# Mercedes 250 SL Pagoda: Gleammachine-Car detailing professional of Essex



## Gleammachine (Sep 8, 2007)

This truly stunning Mercedes 250 SL came to me from one of my long standing clients, after a recent trip to the bodyshop for mostly a full respray and some restorative work to the box sections, the paintwork was lacking that final clarity and defect free finish.

Below are a few before and after comparisons, paintwork was corrected using the Rupes Duetto, and refined/jewelled with the rotary. (pics below just after the cutting stage only)











With the corrective machine polishing completed, the paintwork was given a final panel wipe solvent to remove any polishing oil traces.

The paintwork was then coated with Siramik Glasscoat Advanced Protection Technology (APT) with Diamas Professionali, a 3 part system made up of a heat resistent base coat, hydrophobic coat and a diamond nano-rod coat.

Detail was completed over the course of 5-6 days.

*Finished Results.*




















Thanks for looking, comments welcomed and appreciated.


----------



## sm81 (May 14, 2011)

Huge project... nice


----------



## stangalang (Nov 27, 2009)

Oh wow, beautiful


----------



## Summit Detailing (Oct 9, 2006)

Looking sharp:buffer:

Lovely thing too:car:

Chris


----------



## ibiza55 (Feb 22, 2008)

How I would love to just have a ride in that, beautiful work, beautiful car, enough said.


----------



## tonyy (Jul 26, 2008)

Amazing :thumb:


----------



## Berylburton (Sep 14, 2013)

One of the best looking cars of all time. 
Elegance.


----------



## Stokie (Jun 9, 2013)

Stunning!!


----------



## mattcoupturbo (Aug 14, 2006)

Beautiful car.


----------



## chongo (Jun 7, 2014)

Just love these cars:argie: Rare colour.:thumb:


----------



## Gleammachine (Sep 8, 2007)

sm81 said:


> Huge project... nice





stangalang said:


> Oh wow, beautiful





Summit Detailing said:


> Looking sharp:buffer:
> 
> Lovely thing too:car:
> 
> Chris





ibiza55 said:


> How I would love to just have a ride in that, beautiful work, beautiful car, enough said.





tonyy said:


> Amazing :thumb:





Berylburton said:


> One of the best looking cars of all time.
> Elegance.





Stokie said:


> Stunning!!





mattcoupturbo said:


> Beautiful car.





chongo said:


> Just love these cars:argie: Rare colour.:thumb:


Thanks for the comments, it's sure is a beauty !!


----------



## suds (Apr 27, 2012)

Excellent job :thumb: only trouble is... Now wifey wants one!


----------



## WHIZZER (Oct 25, 2005)

That's lovely cracking job


----------



## chefy (May 9, 2011)

WoW that is gorgeous, fantastic job :thumb:


----------



## Gleammachine (Sep 8, 2007)

suds said:


> Excellent job :thumb: only trouble is... Now wifey wants one!
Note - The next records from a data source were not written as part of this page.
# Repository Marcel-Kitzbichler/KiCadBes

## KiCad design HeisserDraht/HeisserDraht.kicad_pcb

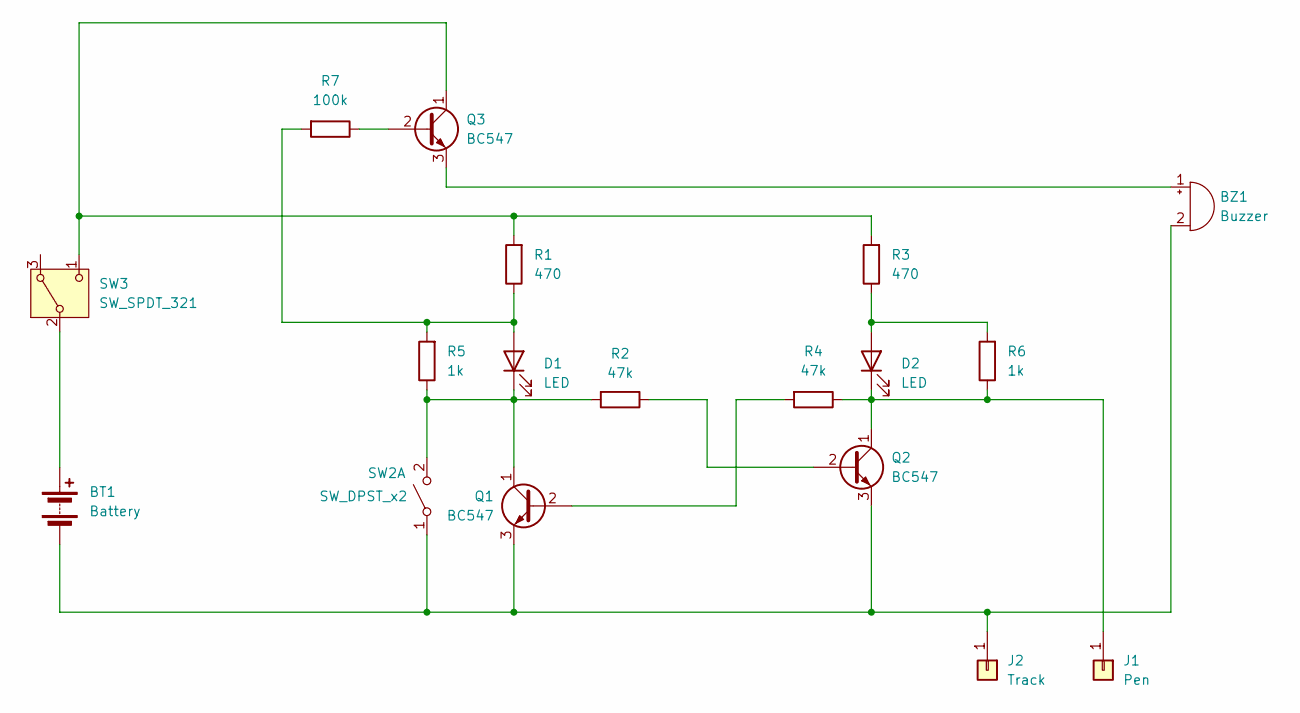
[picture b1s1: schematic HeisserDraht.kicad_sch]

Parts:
BT1: Battery; SolderWire-0.127sqmm_1x02_P3.7mm_D0.48mm_OD1mm_Relief2x
BZ1: Buzzer; BuzzerP_15,24
D1, D2: LED; LED_D5.0mm
J1: Pen; SolderWire-0.5sqmm_1x01_D0.9mm_OD2.3mm_Relief
J2: Track; SolderWire-1.5sqmm_1x01_D1.7mm_OD3.9mm
Q1, Q2, Q3: BC547; TO-92_Inline_Wide
R1, R3: 470; R_Axial_DIN0207_L6.3mm_D2.5mm_P10.16mm_Horizontal
R2, R4: 47k; R_Axial_DIN0207_L6.3mm_D2.5mm_P10.16mm_Horizontal
R5, R6: 1k; R_Axial_DIN0207_L6.3mm_D2.5mm_P10.16mm_Horizontal
R7: 100k; R_Axial_DIN0207_L6.3mm_D2.5mm_P10.16mm_Horizontal
SW2: SW_DPST_x2; SW_PUSH_6mm
SW3: SW_SPDT_321; SW_Slide-03_Wuerth-WS-SLTV_10x2.5x6.4_P2.54mm

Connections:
unnamed: BT1.1 (+), SW3.2 (B)
unnamed: BT1.2 (-), BZ1.2 (-), J2.1, Q1.3 (E), Q2.3 (E), SW2.1 (A)
unnamed: BZ1.1 (+), Q3.3 (E)
unnamed: D1.2 (A), R1.1, R5.2, R7.2
unnamed: D1.1 (K), Q1.1 (C), R2.2, R5.1, SW2.2 (B)
unnamed: D2.2 (A), R3.1, R6.2
unnamed: D2.1 (K), J1.1, Q2.1 (C), R4.1, R6.1
unnamed: Q1.2 (B), R4.2
unnamed: Q2.2 (B), R2.1
unnamed: Q3.2 (B), R7.1
unnamed: Q3.1 (C), R1.2, R3.2, SW3.1 (C)

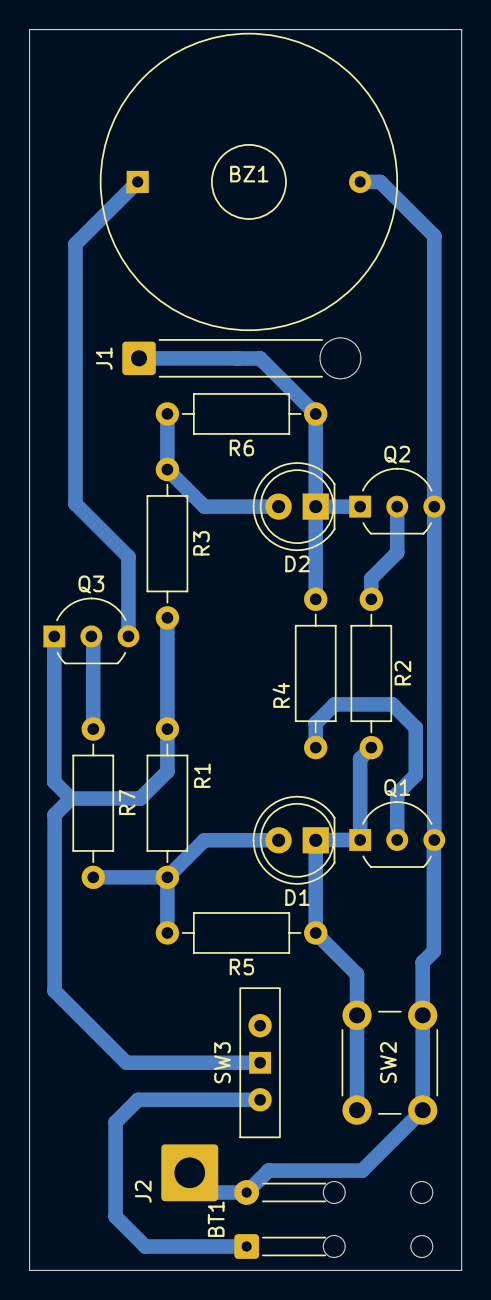
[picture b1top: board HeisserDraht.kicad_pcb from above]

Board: 2 copper layers, 29.6 x 85.0 mm, 18 parts (0 on the bottom side), 11 nets.

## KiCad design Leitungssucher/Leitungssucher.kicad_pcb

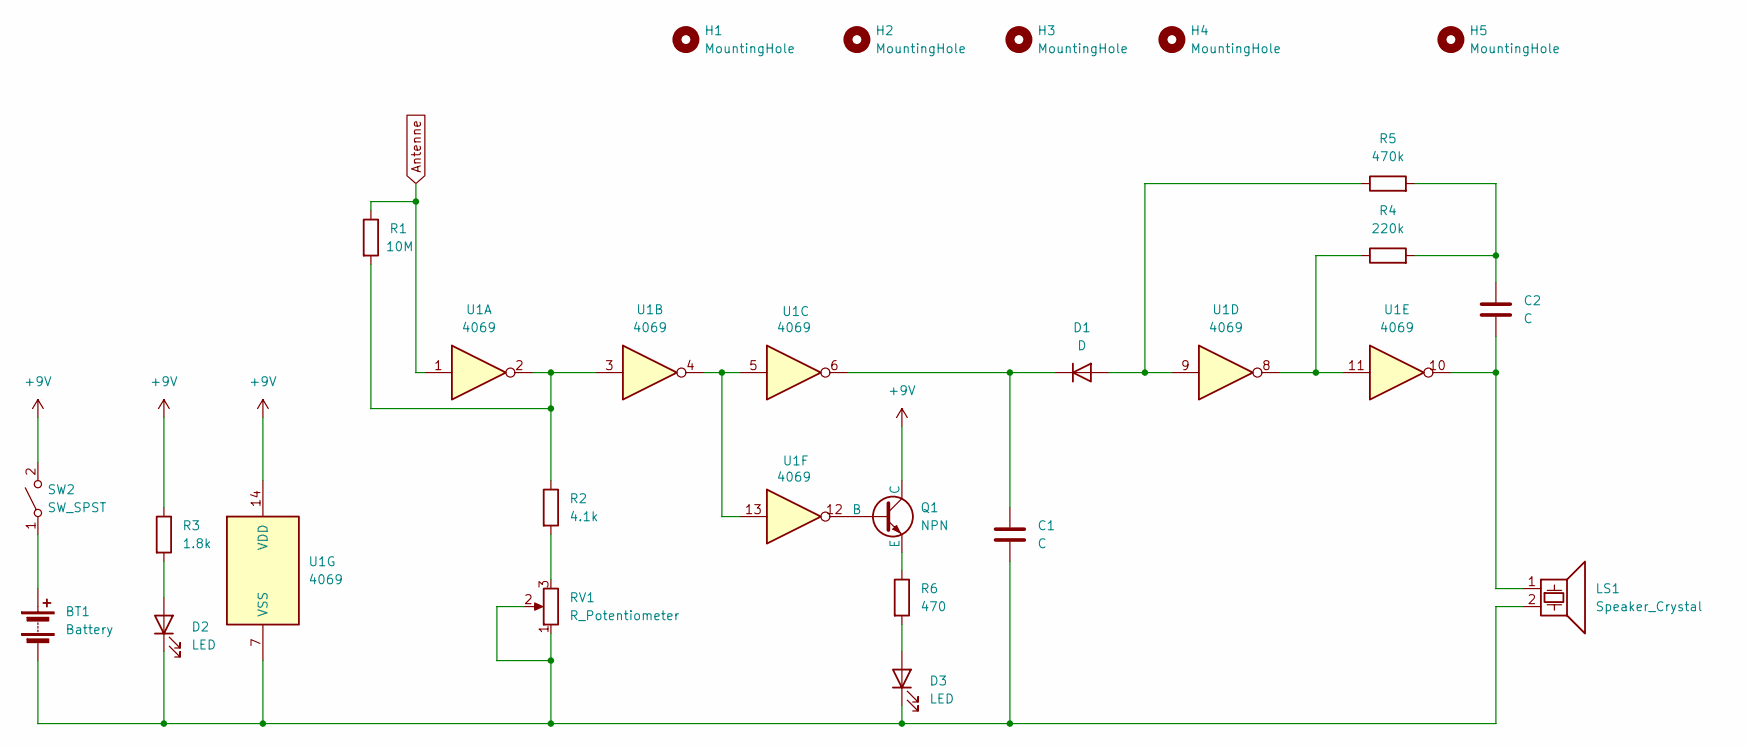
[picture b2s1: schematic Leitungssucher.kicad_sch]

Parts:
BT1: Battery; SolderWire-0.25sqmm_1x02_P4.2mm_D0.65mm_OD1.7mm
C1: C; C_Disc_D3.0mm_W2.0mm_P2.50mm
C2: C; C_Disc_D4.7mm_W2.5mm_P5.00mm
D1: D; D_DO-34_SOD68_P7.62mm_Horizontal
D2, D3: LED; SolderWire-0.25sqmm_1x02_P4.2mm_D0.65mm_OD1.7mm
H1, H2, H3, H4: MountingHole; MountingHole_3.7mm
H5: MountingHole; MountingHole_6mm
LS1: Speaker_Crystal; SolderWire-0.25sqmm_1x02_P4.2mm_D0.65mm_OD1.7mm
Q1: NPN; TO-92L_Inline_Wide
R1: 10M; R_Axial_DIN0207_L6.3mm_D2.5mm_P2.54mm_Vertical
R2: 4.1k; R_Axial_DIN0207_L6.3mm_D2.5mm_P10.16mm_Horizontal
R3: 1.8k; R_Axial_DIN0207_L6.3mm_D2.5mm_P10.16mm_Horizontal
R4: 220k; R_Axial_DIN0207_L6.3mm_D2.5mm_P10.16mm_Horizontal
R5: 470k; R_Axial_DIN0207_L6.3mm_D2.5mm_P10.16mm_Horizontal
R6: 470; R_Axial_DIN0207_L6.3mm_D2.5mm_P10.16mm_Horizontal
RV1: R_Potentiometer; Potentiometer_Piher_PT-10-V10_Vertical_Hole
SW2: SW_SPST; SolderWire-0.25sqmm_1x02_P4.2mm_D0.65mm_OD1.7mm
U1: 4069; DIP-14_W7.62mm_Socket

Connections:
+9V: Q1.1 (C), R3.1, SW2.2 (B), U1.14 (VDD)
Antenne: R1.1, U1.1
unnamed: BT1.1 (+), SW2.1 (A)
unnamed: BT1.2 (-), C1.2, D2.1 (K), D3.1 (K), LS1.2, RV1.1, RV1.2, U1.7 (VSS)
unnamed: C2.1, LS1.1, U1.10
unnamed: C2.2, R4.2, R5.2
unnamed: D1.2 (A), R5.1, U1.9
unnamed: C1.1, D1.1 (K), U1.6
unnamed: D2.2 (A), R3.2
unnamed: D3.2 (A), R6.2
unnamed: Q1.2 (B), U1.12
unnamed: Q1.3 (E), R6.1
unnamed: R1.2, R2.1, U1.2, U1.3
unnamed: R2.2, RV1.3
unnamed: R4.1, U1.8, U1.11
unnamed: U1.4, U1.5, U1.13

Thanks mate, your wife is clearly a woman of exquisite taste!!



WHIZZER said:


> That's lovely cracking job


Thanks Bill.



chefy said:


> WoW that is gorgeous, fantastic job :thumb:


Thanks mate.


----------



## shabba (Sep 28, 2008)

awesome finish! surprised to see such a colour on the SL, looks great


----------



## unique detail (Jan 26, 2012)

Lovely work as always mate.


----------



## TheMattFinish (Jul 17, 2011)

wow that red 

top work dude


----------



## CoachPJ (Oct 30, 2013)

Fantastic :buffer:


----------



## hus55 (Apr 23, 2008)

great work as always mate !!! glad to see your still busy with detailing..

rgds hus


----------



## Gleammachine (Sep 8, 2007)

shabba said:


> awesome finish! surprised to see such a colour on the SL, looks great





unique detail said:


> Lovely work as always mate.





TheMattFinish said:


> wow that red
> 
> top work dude





CoachPJ said:


> Fantastic :buffer:


Thanks chaps.



hus55 said:


> great work as always mate !!! glad to see your still busy with detailing..
> 
> rgds hus


Thanks mate, yep still busy 14 years now.
Hope your well.


----------



## hus55 (Apr 23, 2008)

Gleammachine said:


> Thanks chaps.
> 
> Thanks mate, yep still busy 14 years now.
> Hope your well.


alls good rob....thanks !

rgds hus


----------



## muchoado (Dec 5, 2016)

stunning


----------



## Berylburton (Sep 14, 2013)

That car needs to be cruising in the South of France. A nice colour too.


----------



## Balky001 (Oct 30, 2016)

Now that is a very classy motor. Fantastic.


----------



## ahmed_b08 (Dec 15, 2016)

Absolutely love this


----------



## josadler (Jul 14, 2010)

Stunning, looks even better then
a new car!


----------



## d8ean (Feb 14, 2008)

i'd buy that !!! stunning


----------



## justina3 (Jan 11, 2008)

That is just stunning the colour is words fail me 

Bravo


----------



## Demetrios72 (Jun 27, 2011)

Very nice motor :thumb

Great work!


----------



## Gleammachine (Sep 8, 2007)

muchoado said:


> stunning





Berylburton said:


> That car needs to be cruising in the South of France. A nice colour too.





Balky001 said:


> Now that is a very classy motor. Fantastic.





ahmed_b08 said:


> Absolutely love this





josadler said:


> Stunning, looks even better then
> a new car!





d8ean said:


> i'd buy that !!! stunning





justina3 said:


> That is just stunning the colour is words fail me
> 
> Bravo





Demetri said:


> Very nice motor :thumb
> 
> Great work!


Chaps, thanks for taking time to comment. :thumb:


----------